Significant Prehistoric Elements in Cultural Issues in Brazil.

Marcos Callia (2006) explained that “studying prehistory is like a rebirth: the imaginary rebirth of origins. Let’s look for the origins as inspiration, the arche of the Greeks, the starting point of the rational process, a primordial element that transcends time and temporality, a reference to the principles of the original of everything, beginning between an indeterminate state and a beginning of organization (2006, p.8) [30].

This indeterminate state and a beginning of organization is what we are seeing again in Brazil and in the Globalized World. Jung for about fifty years studied the psychological symbolism of Alchemy. Perhaps this work should be considered his Magnum opus; the beginning of alchemy operations, explained Edinger (2006), had the first procedure, which was to find the Prima Materia. From there, the alchemical process could begin.

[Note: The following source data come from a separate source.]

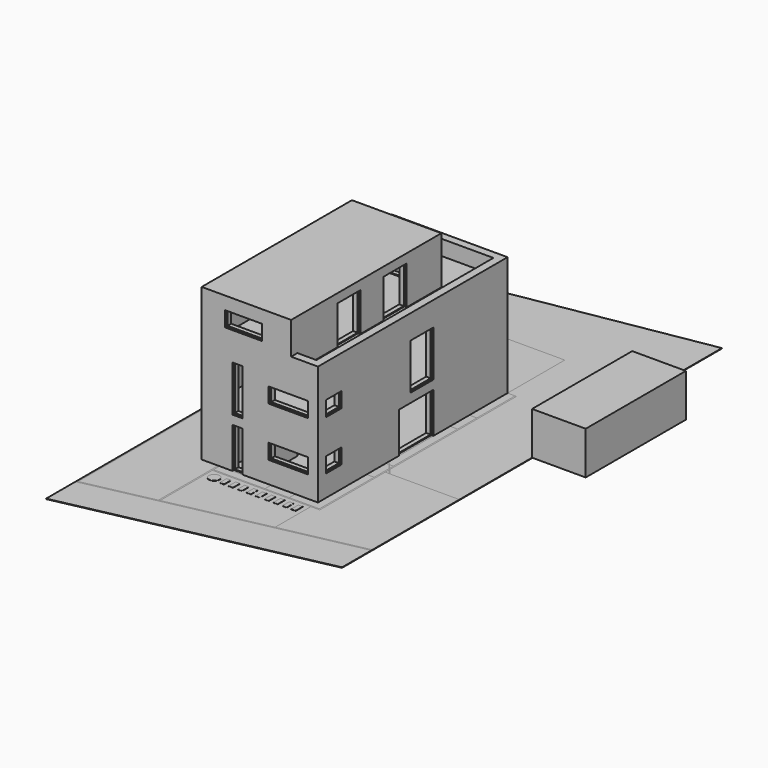
from build123d import *

# Parameters (mm, degrees)
F0_W      = 6500
F0_H      = 13250
F2_DEPTH  = 25
F3_DEPTH  = 2270
F1_W      = 150
F1_H      = 3500
F5_W      = 365
F5_H      = 1100
F5_W_2    = 2200
F5_H_2    = 365
F5_H_3    = 500
F6_DEPTH  = 850
F7_W      = 6500
F7_H      = 13250
F7_W_2    = 990
F7_H_2    = 2385
F8_DEPTH  = 300
F9_W      = 150
F9_H      = 3500
F10_DEPTH = 300
F11_W     = 6500
F11_H     = 13250
F12_DEPTH = 200
F14_DEPTH = 2570
F16_W     = 2200
F16_H     = 365
F16_W_2   = 365
F16_H_2   = 1100
F17_DEPTH = 850
F18_W     = 6500
F18_H     = 13250
F18_W_2   = 5770
F18_H_2   = 12520
F19_DEPTH = 300
F21_W     = 2400
F21_H     = 365
F22_DEPTH = 1280
F23_W     = 6500
F23_H     = 13250
F24_DEPTH = 200
F25_W     = 365
F25_H     = 1630
F26_DEPTH = 2160
F28_W     = 2050
F28_H     = 365
F29_DEPTH = 850
F30_W     = 5000
F30_H     = 10500
F30_W_2   = 4270
F30_H_2   = 9770
F31_DEPTH = 300
F32_W     = 5000
F32_H     = 10500
F33_DEPTH = 200
F35_DEPTH = 850
F38_DEPTH = 2200
F39_W     = 3000
F39_H     = 6000
F40_DEPTH = 25
F41_W     = 3000
F41_H     = 6000
F42_DEPTH = 200
F44_DEPTH = 25
F46_DEPTH = 25
F47_W     = 2880
F47_H     = 420
F48_DEPTH = 25
F47_W_2   = 420
F47_H_2   = 2670
F47_H_3   = 4480
F50_DEPTH = 25
F51_W     = 1350
F51_H     = 420
F52_DEPTH = 25
F51_W_2   = 420
F51_H_2   = 1350
F54_DEPTH = 25
F56_DEPTH = 25
F58_DEPTH = 25
F60_DEPTH = 25
F61_W     = 3000
F61_H     = 7000
F62_DEPTH = 2400
F63_R     = 1525
F64_DEPTH = 200
F65_R     = 1525
F65_R_2   = 1515
F66_DEPTH = 1800
F68_DEPTH = 25
F69_R     = 300
F70_DEPTH = 10
F71_W     = 250
F71_H     = 500
F72_DEPTH = 10
F74_DEPTH = 25
F76_DEPTH = 25
F77_W     = 570
F77_H     = 2570
F77_W_2   = 470
F77_H_2   = 2470
F78_DEPTH = 250
F77_W_3   = 2200
F77_H_3   = 850
F77_W_4   = 2100
F77_H_4   = 750
F77_W_5   = 2050
F77_W_6   = 1950
F77_H_5   = 2270
F77_H_6   = 2170
F79_W     = 2400
F79_H     = 2270
F79_W_2   = 2300
F79_H_2   = 2170
F80_DEPTH = 250
F79_W_3   = 1100
F79_H_3   = 850
F79_W_4   = 1000
F79_H_4   = 750
F79_W_5   = 1600
F79_H_5   = 2570
F79_W_6   = 1500
F79_H_6   = 2470
F81_W     = 1600
F81_H     = 2160
F81_W_2   = 1500
F81_H_2   = 2060
F82_DEPTH = 250
F83_W     = 2400
F83_H     = 1280
F83_W_2   = 2300
F83_H_2   = 1180
F84_DEPTH = 250
F83_H_3   = 2270
F83_H_4   = 2170
F85_W     = 2400
F85_H     = 2160
F85_W_2   = 2300
F85_H_2   = 2060
F86_DEPTH = 250
F87_W     = 570
F87_H     = 2570
F87_W_2   = 470
F87_H_2   = 2470
F88_DEPTH = 250
F87_W_3   = 1100
F87_H_3   = 2270
F87_W_4   = 1000
F87_H_4   = 2170
F87_W_5   = 500
F87_H_5   = 850
F87_W_6   = 400
F87_H_6   = 750
F89_W     = 2700
F89_H     = 2200
F90_DEPTH = 25
F91_W     = 850
F91_H     = 2200
F92_DEPTH = 25


with BuildPart() as f2:
    # F0 (on Top) → F2 (new body)
    with BuildSketch(Plane.XY):
        with Locations((3250, 6625)):
            Rectangle(F0_W, F0_H)
    extrude(amount=-F2_DEPTH)


with BuildPart() as f3:
    # F1 (on Top) → F3 (new body)
    with BuildSketch(Plane.XY):
        Polygon((2050, 12885), (2050, 13250), (0, 13250), (0, 4000), (365, 4000), (365, 12885), align=None)
    extrude(amount=F3_DEPTH)



with BuildPart() as f3b:
    # F1 (on Top) → F3, piece 2 (new body)
    with BuildSketch(Plane.XY):
        Polygon((4450, 13250), (4450, 12885), (6135, 12885), (6135, 8065), (6500, 8065), (6500, 13250), align=None)
    extrude(amount=F3_DEPTH)


with BuildPart() as f3c:
    # F1 (on Top) → F3, piece 3 (new body)
    with BuildSketch(Plane.XY):
        Polygon((6500, 5665), (6135, 5665), (6135, 1655), (6135, 555), (6135, 365), (5945, 365), (3745, 365), (3055, 365), (2955, 365), (2280, 365), (2280, 0), (3745, 0), (5945, 0), (6500, 0), (6500, 555), (6500, 1655), align=None)
        Polygon((2955, 365), (3055, 365), (3055, 2860), (2455, 2860), (2455, 2760), (2955, 2760), align=None)
    extrude(amount=F3_DEPTH)


with BuildPart() as f3d:
    # F1 (on Top) → F3, piece 4 (new body)
    with BuildSketch(Plane.XY):
        Polygon((1710, 0), (1710, 365), (1455, 365), (1355, 365), (365, 365), (365, 1400), (365, 1900), (365, 2750), (365, 2900), (0, 2900), (0, 1900), (0, 1400), (0, 0), align=None)
        Polygon((1355, 365), (1455, 365), (1455, 2900), (365, 2900), (365, 2750), (1355, 2750), align=None)
    extrude(amount=F3_DEPTH)


with BuildPart() as f3e:
    # F1 (on Top) → F3, piece 5 (new body)
    with BuildSketch(Plane.XY):
        with Locations((1380, 6250)):
            Rectangle(F1_W, F1_H)
    extrude(amount=F3_DEPTH)

    # F9 (on face) → F10 (join)
    with BuildSketch(Plane.XY.offset(2270)):
        with Locations((1380, 6250)):
            Rectangle(F9_W, F9_H)
    extrude(amount=F10_DEPTH)


with BuildPart() as f6_tool:
    # F5 (on offset) → F6 (new body)
    with BuildSketch(Plane.XY.offset(1200)):
        with Locations((6317.5, 1105)):
            Rectangle(F5_W, F5_H)
        with Locations((4845, 182.5)):
            Rectangle(F5_W_2, F5_H_2)
        with Locations((182.5, 1650)):
            Rectangle(F5_W, F5_H_3)
    extrude(amount=F6_DEPTH)


with BuildPart() as f3c_1:
    add(f3c.part)

    # F6: cut by f6_tool
    add(f6_tool.part, mode=Mode.SUBTRACT)


with BuildPart() as f3d_1:
    add(f3d.part)

    # F6: cut by f6_tool
    add(f6_tool.part, mode=Mode.SUBTRACT)


with BuildPart() as f3_1:
    add(f3.part)

    add(f3b.part)  # F8 merges F3b

    add(f3c_1.part)  # F8 merges F3c

    add(f3d_1.part)  # F8 merges F3d
    # F7 (on face) → F8 (join)
    with BuildSketch(Plane.XY.offset(2270)):
        with Locations((3250, 6625)):
            Rectangle(F7_W, F7_H)
        with Locations((860, 1557.5)):
            Rectangle(F7_W_2, F7_H_2, mode=Mode.SUBTRACT)
        Polygon((365, 2900), (365, 12885), (6135, 12885), (6135, 365), (3055, 365), (3055, 2860), (2455, 2860), (2455, 2760), (2955, 2760), (2955, 365), (1455, 365), (1455, 2900), align=None, mode=Mode.SUBTRACT)
    extrude(amount=F8_DEPTH)


    add(f3e.part)  # F12 merges F3e
    # F11 (on face) → F12 (join)
    with BuildSketch(Plane.XY.offset(2570)):
        with Locations((3250, 6625)):
            Rectangle(F11_W, F11_H)
    extrude(amount=F12_DEPTH)

    # F13 (on face) → F14 (join)
    with BuildSketch(Plane.XY.offset(2770)):
        Polygon((2050, 13250), (0, 13250), (0, 4210), (365, 4210), (365, 12885), (2050, 12885), (4450, 12885), (6135, 12885), (6135, 8065), (6500, 8065), (6500, 13250), (4450, 13250), align=None)
        Polygon((0, 3640), (0, 0), (1710, 0), (1710, 365), (365, 365), (365, 3640), align=None)
        Polygon((6500, 6465), (6135, 6465), (6135, 365), (2280, 365), (2280, 0), (6500, 0), align=None)
    extrude(amount=F14_DEPTH)

    # F16 (on offset) → F17 (cut)
    with BuildSketch(Plane.XY.offset(3970)):
        with Locations((4845, 182.5)):
            Rectangle(F16_W, F16_H)
        with Locations((6317.5, 1105)):
            Rectangle(F16_W_2, F16_H_2)
    extrude(amount=F17_DEPTH, mode=Mode.SUBTRACT)

    # F18 (on face) → F19 (join)
    with BuildSketch(Plane.XY.offset(5340)):
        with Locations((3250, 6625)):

According to Edinger (2006): “The Prima Matter is undifferentiated, without borders, limits, or defined form. This corresponds to a certain experience of the unconscious that exposes the ego to the infinite, the apeiron. The place of matter is prior to the logos creator of the world, where we have to deal with what is to come, it precedes the ‘formations’ so it is still deformed and without beauty, therefore unpleasant, it is despised and rejected” (2006, p. 10) [31,32].

Does the reader perceive the similarity with our current world where new borders, limits and forms are so difficult to visualize? This coincides with the research carried out by sociologist Zygmunt Bauman (1925 - 2017) on “The Malaise of Postmodernity” and “Liquid Modernity”, the title of some of his works. Liquidity can be seen in the symbolism of water or the ocean, where borders cannot be visualized. For Bauman (1925) postmodern human relationships also suffer from this “lack of limits”, from this “deterritorialization”; It’s “liquid love”. For Jung, everything new starts with “chaos” (prima- matter or confused mass). But it is possible for man to bring new forms of order, new forms of organization. Understanding the role of cultural sustainability – and other forms of sustainability – will help in this process.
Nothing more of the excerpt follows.